▼▼▼

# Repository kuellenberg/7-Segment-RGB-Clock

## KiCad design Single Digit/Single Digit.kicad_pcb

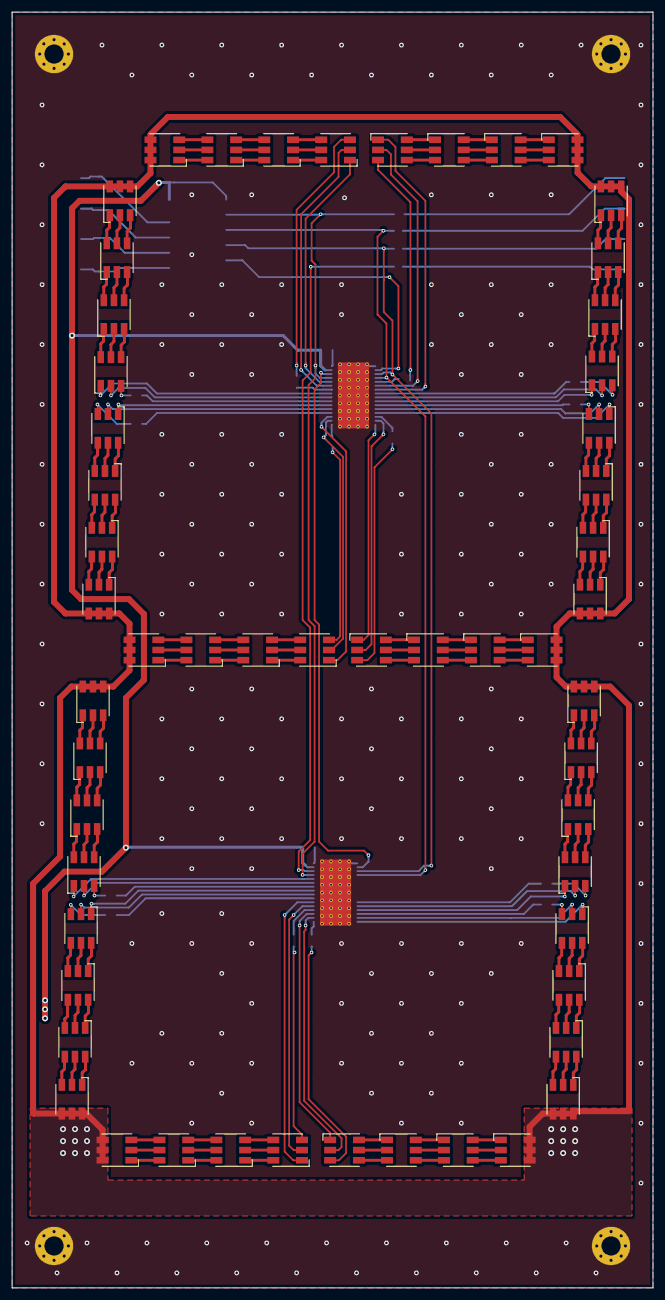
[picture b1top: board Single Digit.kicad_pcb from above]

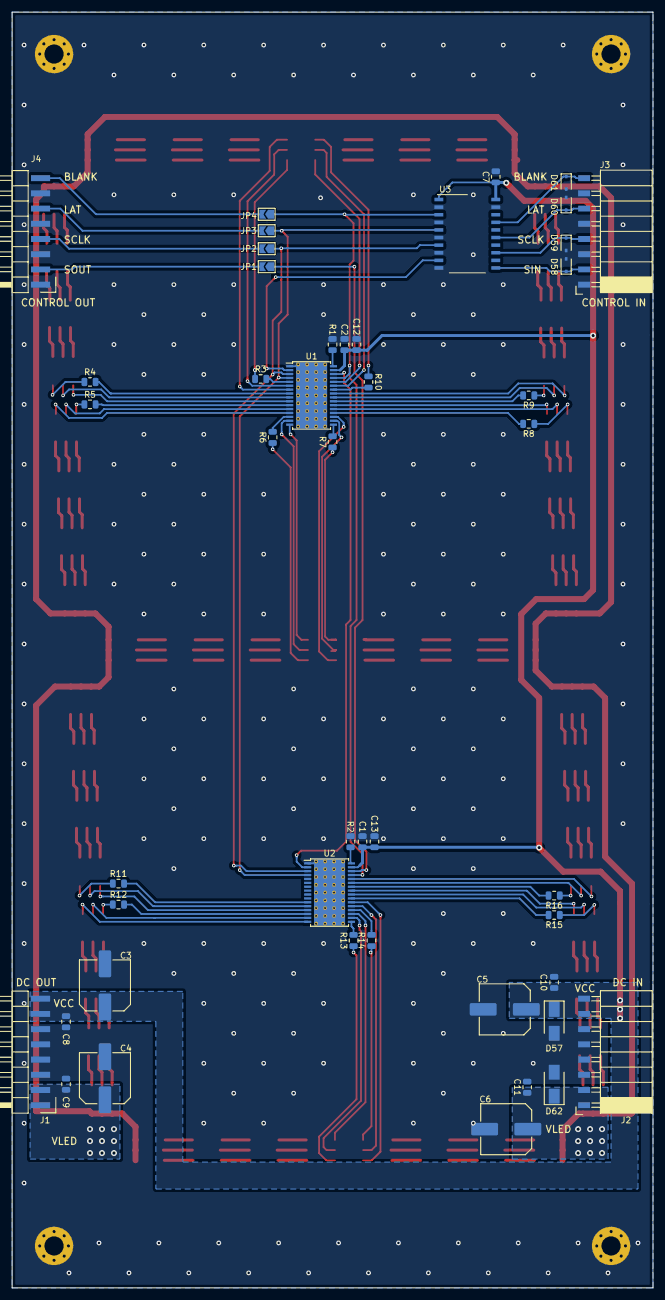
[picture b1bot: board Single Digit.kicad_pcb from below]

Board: 2 copper layers, 107.0 x 213.0 mm, 106 parts (46 on the bottom side), 201 nets.

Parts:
C1, C2, C7, C8, C9, C10, C11: 100n; C_0805_2012Metric
C3, C4, C5, C6: 330uF; C_Elec_8x10.2
C12, C13: 10uF; C_0805_2012Metric
D1, D2, D3, D4, D5, D6, D7, D8, D9, D10, D11, D12, D13, D14, D15, D16, D17, D18, D19, D20, D21, D22, D23, D24, D25, D26, D27, D28, D29, D30, D31, D32, D33, D34, D35, D36, D37, D38, D39, D40, D41, D42, D43, D44, D45, D46, D47, D48, D49, D50, D51, D52, D53, D54, D55, D56: LED_RGB; LED_RGB_5050-6
D57, D62: D_TVS; D_SMA
D58, D59, D60, D61: 5V; D_SOD-323
H1, H2, H3, H4: MountingHole_Pad; MountingHole_3.2mm_M3_Pad_Via
J1: Power In; HARWIN_M20-8890845
J2: Power out; HARWIN_M20-7910842R
J3: Signal in; HARWIN_M20-7910842R
J4: Signal out; HARWIN_M20-8890845
JP1, JP2, JP3, JP4: SolderJumper_2_Open; SolderJumper-2_P1.3mm_Open_TrianglePad1.0x1.5mm
R1, R2, R3, R4, R5, R6, R7, R8, R9, R10, R11, R12, R13, R14, R15, R16: R_Small; R_0805_2012Metric
U1, U2: TLC5952; HTSSOP-32-1EP_6.1x11mm_P0.65mm_EP5.2x11mm_Mask4.11x4.36mm_T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
U3: 74LS244; SO-20_12.8x7.5mm_P1.27mm

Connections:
/BLANK: JP4.1, U1.29, U2.29, U3.3
/LAT: JP3.1, U1.4, U2.4, U3.5
/SCLK: JP2.1, U1.3, U2.3, U3.7
/SIN: U1.2, U3.9
/SOUT: JP1.1, U2.30
/SOUT_TO_SIN: U1.30, U2.2
GND: C1.2, C2.2, C3.2, C4.2, C5.2, C6.2, C7.2, C8.2, C9.2, C10.2, C11.2, C12.2, C13.2, D57.2, D58.2, D59.2, D60.2, D61.2, D62.2, H1.1, H2.1, H3.1, H4.1, J1.3, J1.4, J1.5, J1.6, J2.3, J2.4, J2.5, J2.6, J3.1, J3.3, J3.5, J3.7, J4.1, J4.3, J4.5, J4.7, R1.2, R2.2, U1.1, U1.33, U2.1, U2.33, U3.2, U3.4, U3.6, U3.8, U3.10, U3.19
unnamed: D1.1, U1.7
unnamed: D1.2, U1.6
unnamed: D1.3, R3.1
unnamed: D1.4, D2.3
unnamed: D1.5, D2.2
unnamed: D1.6, D2.1
unnamed: D2.4, D3.3
unnamed: D2.5, D3.2
unnamed: D2.6, D3.1
unnamed: D3.4, D4.3
unnamed: D3.5, D4.2
unnamed: D3.6, D4.1
unnamed: D5.1, U2.13
unnamed: D5.2, U2.12
unnamed: D5.3, R11.1
unnamed: D5.4, D6.3
unnamed: D5.5, D6.2
unnamed: D5.6, D6.1
unnamed: D6.4, D7.3
unnamed: D6.5, D7.2
unnamed: D6.6, D7.1
unnamed: D7.4, D8.3
unnamed: D7.5, D8.2
unnamed: D7.6, D8.1
unnamed: D9.1, U1.10
unnamed: D9.2, U1.9
unnamed: D9.3, R4.1
unnamed: D9.6, D10.1
unnamed: D9.5, D10.2
unnamed: D9.4, D10.3
unnamed: D10.4, D11.3
unnamed: D10.5, D11.2
unnamed: D10.6, D11.1
unnamed: D11.4, D12.3
unnamed: D11.5, D12.2
unnamed: D11.6, D12.1
unnamed: D13.1, U2.16
unnamed: D13.2, U2.15
unnamed: D13.3, R12.1
unnamed: D13.4, D14.3
unnamed: D13.5, D14.2
unnamed: D13.6, D14.1
unnamed: D14.4, D15.3
unnamed: D14.5, D15.2
unnamed: D14.6, D15.1
unnamed: D15.4, D16.3
unnamed: D15.5, D16.2
unnamed: D15.6, D16.1
unnamed: D17.1, U1.13
unnamed: D17.2, U1.12
unnamed: D17.3, R5.1
unnamed: D17.4, D18.3
unnamed: D17.5, D18.2
unnamed: D17.6, D18.1
unnamed: D18.4, D19.3
unnamed: D18.5, D19.2
unnamed: D18.6, D19.1
unnamed: D19.4, D20.3
unnamed: D19.5, D20.2
unnamed: D19.6, D20.1
unnamed: D21.1, U2.19
unnamed: D21.2, U2.18
unnamed: D21.3, R13.1
unnamed: D21.4, D22.3
unnamed: D21.5, D22.2
unnamed: D21.6, D22.1
unnamed: D22.4, D23.3
unnamed: D22.5, D23.2
unnamed: D22.6, D23.1
unnamed: D23.4, D24.3
unnamed: D23.5, D24.2
unnamed: D23.6, D24.1
unnamed: D25.1, U1.16
unnamed: D25.2, U1.15
unnamed: D25.3, R6.1
unnamed: D25.4, D26.3
unnamed: D25.5, D26.2
unnamed: D25.6, D26.1
unnamed: D26.4, D27.3
unnamed: D26.5, D27.2
unnamed: D26.6, D27.1
unnamed: D27.4, D28.3
unnamed: D27.5, D28.2
unnamed: D27.6, D28.1
unnamed: D29.1, U2.22
unnamed: D29.2, U2.21
unnamed: D29.3, R14.1
unnamed: D29.4, D30.3
unnamed: D29.5, D30.2
unnamed: D29.6, D30.1
unnamed: D30.4, D31.3
unnamed: D30.5, D31.2
unnamed: D30.6, D31.1
unnamed: D31.4, D32.3
unnamed: D31.5, D32.2
unnamed: D31.6, D32.1
unnamed: D33.1, U1.19
unnamed: D33.2, U1.18
unnamed: D33.3, R7.1
unnamed: D33.4, D34.3
unnamed: D33.5, D34.2
unnamed: D33.6, D34.1
unnamed: D34.4, D35.3
unnamed: D34.5, D35.2
unnamed: D34.6, D35.1
unnamed: D35.4, D36.3
unnamed: D35.5, D36.2
unnamed: D35.6, D36.1
unnamed: D37.1, U2.25
unnamed: D37.2, U2.24
unnamed: D37.3, R15.1
unnamed: D37.4, D38.3
unnamed: D37.5, D38.2
unnamed: D37.6, D38.1
unnamed: D38.4, D39.3
unnamed: D38.5, D39.2
unnamed: D38.6, D39.1
unnamed: D39.4, D40.3
unnamed: D39.5, D40.2
unnamed: D39.6, D40.1
unnamed: D41.1, U1.22
unnamed: D41.2, U1.21
unnamed: D41.3, R8.1
unnamed: D41.4, D42.3
unnamed: D41.5, D42.2
unnamed: D41.6, D42.1
unnamed: D42.4, D43.3
unnamed: D42.5, D43.2
unnamed: D42.6, D43.1
unnamed: D43.4, D44.3
unnamed: D43.5, D44.2
unnamed: D43.6, D44.1
unnamed: D45.1, U2.28
unnamed: D45.2, U2.27
unnamed: D45.3, R16.1
unnamed: D45.4, D46.3
unnamed: D45.5, D46.2
unnamed: D45.6, D46.1
unnamed: D46.4, D47.3
unnamed: D46.5, D47.2
unnamed: D46.6, D47.1
unnamed: D47.4, D48.3
unnamed: D47.5, D48.2
unnamed: D47.6, D48.1
unnamed: D49.1, U1.25
unnamed: D49.2, U1.24
unnamed: D49.3, R9.1
unnamed: D49.4, D50.3
unnamed: D49.5, D50.2
unnamed: D49.6, D50.1
unnamed: D50.4, D51.3
unnamed: D50.5, D51.2
unnamed: D50.6, D51.1
unnamed: D51.4, D52.3
unnamed: D51.5, D52.2
unnamed: D51.6, D52.1
unnamed: D53.1, U1.28
unnamed: D53.2, U1.27
unnamed: D53.3, R10.1
unnamed: D53.4, D54.3
unnamed: D53.5, D54.2
unnamed: D53.6, D54.1
unnamed: D54.4, D55.3
unnamed: D54.5, D55.2
unnamed: D54.6, D55.1
unnamed: D55.4, D56.3
unnamed: D55.5, D56.2
unnamed: D55.6, D56.1
unnamed: D58.1, J3.2, U3.11
unnamed: D59.1, J3.4, U3.13
unnamed: D60.1, J3.6, U3.15
unnamed: D61.1, J3.8, U3.17
unnamed: J4.2, JP1.2
unnamed: J4.4, JP2.2
unnamed: J4.6, JP3.2
unnamed: J4.8, JP4.2
unnamed: R1.1, U1.32
unnamed: R2.1, U2.32
unnamed: R3.2, U1.5
unnamed: R4.2, U1.8
unnamed: R5.2, U1.11
unnamed: R6.2, U1.14
unnamed: R7.2, U1.17
unnamed: R8.2, U1.20
unnamed: R9.2, U1.23
unnamed: R10.2, U1.26
unnamed: R11.2, U2.11
unnamed: R12.2, U2.14
unnamed: R13.2, U2.17
unnamed: R14.2, U2.20
unnamed: R15.2, U2.23
unnamed: R16.2, U2.26
VCC: C1.1, C2.1, C3.1, C5.1, C7.1, C8.1, C10.1, C12.1, C13.1, D57.1, J1.7, J1.8, J2.7, J2.8, U1.31, U2.31, U3.1, U3.20
Vdrive: C4.1, C6.1, C9.1, C11.1, D4.4, D4.5, D4.6, D8.4, D8.5, D8.6, D12.4, D12.5, D12.6, D16.4, D16.5, D16.6, D20.4, D20.5, D20.6, D24.4, D24.5, D24.6, D28.4, D28.5, D28.6, D32.4, D32.5, D32.6, D36.4, D36.5, D36.6, D40.4, D40.5, D40.6, D44.4, D44.5, D44.6, D48.4, D48.5, D48.6, D52.4, D52.5, D52.6, D56.4, D56.5, D56.6, D62.1, J1.1, J1.2, J2.1, J2.2

▲▲▲

- [Problem description] Each line, from the beginning of the listing to the line bearing "C1, C2, C7, C8, C9, C10, C11: 100n;" inclusive, should be copied exactly; the pictures stay out.

- [Reply]
# Repository kuellenberg/7-Segment-RGB-Clock

## KiCad design Single Digit/Single Digit.kicad_pcb

[picture b1top: board Single Digit.kicad_pcb from above]

[picture b1bot: board Single Digit.kicad_pcb from below]

Board: 2 copper layers, 107.0 x 213.0 mm, 106 parts (46 on the bottom side), 201 nets.

Parts:
C1, C2, C7, C8, C9, C10, C11: 100n; C_0805_2012Metric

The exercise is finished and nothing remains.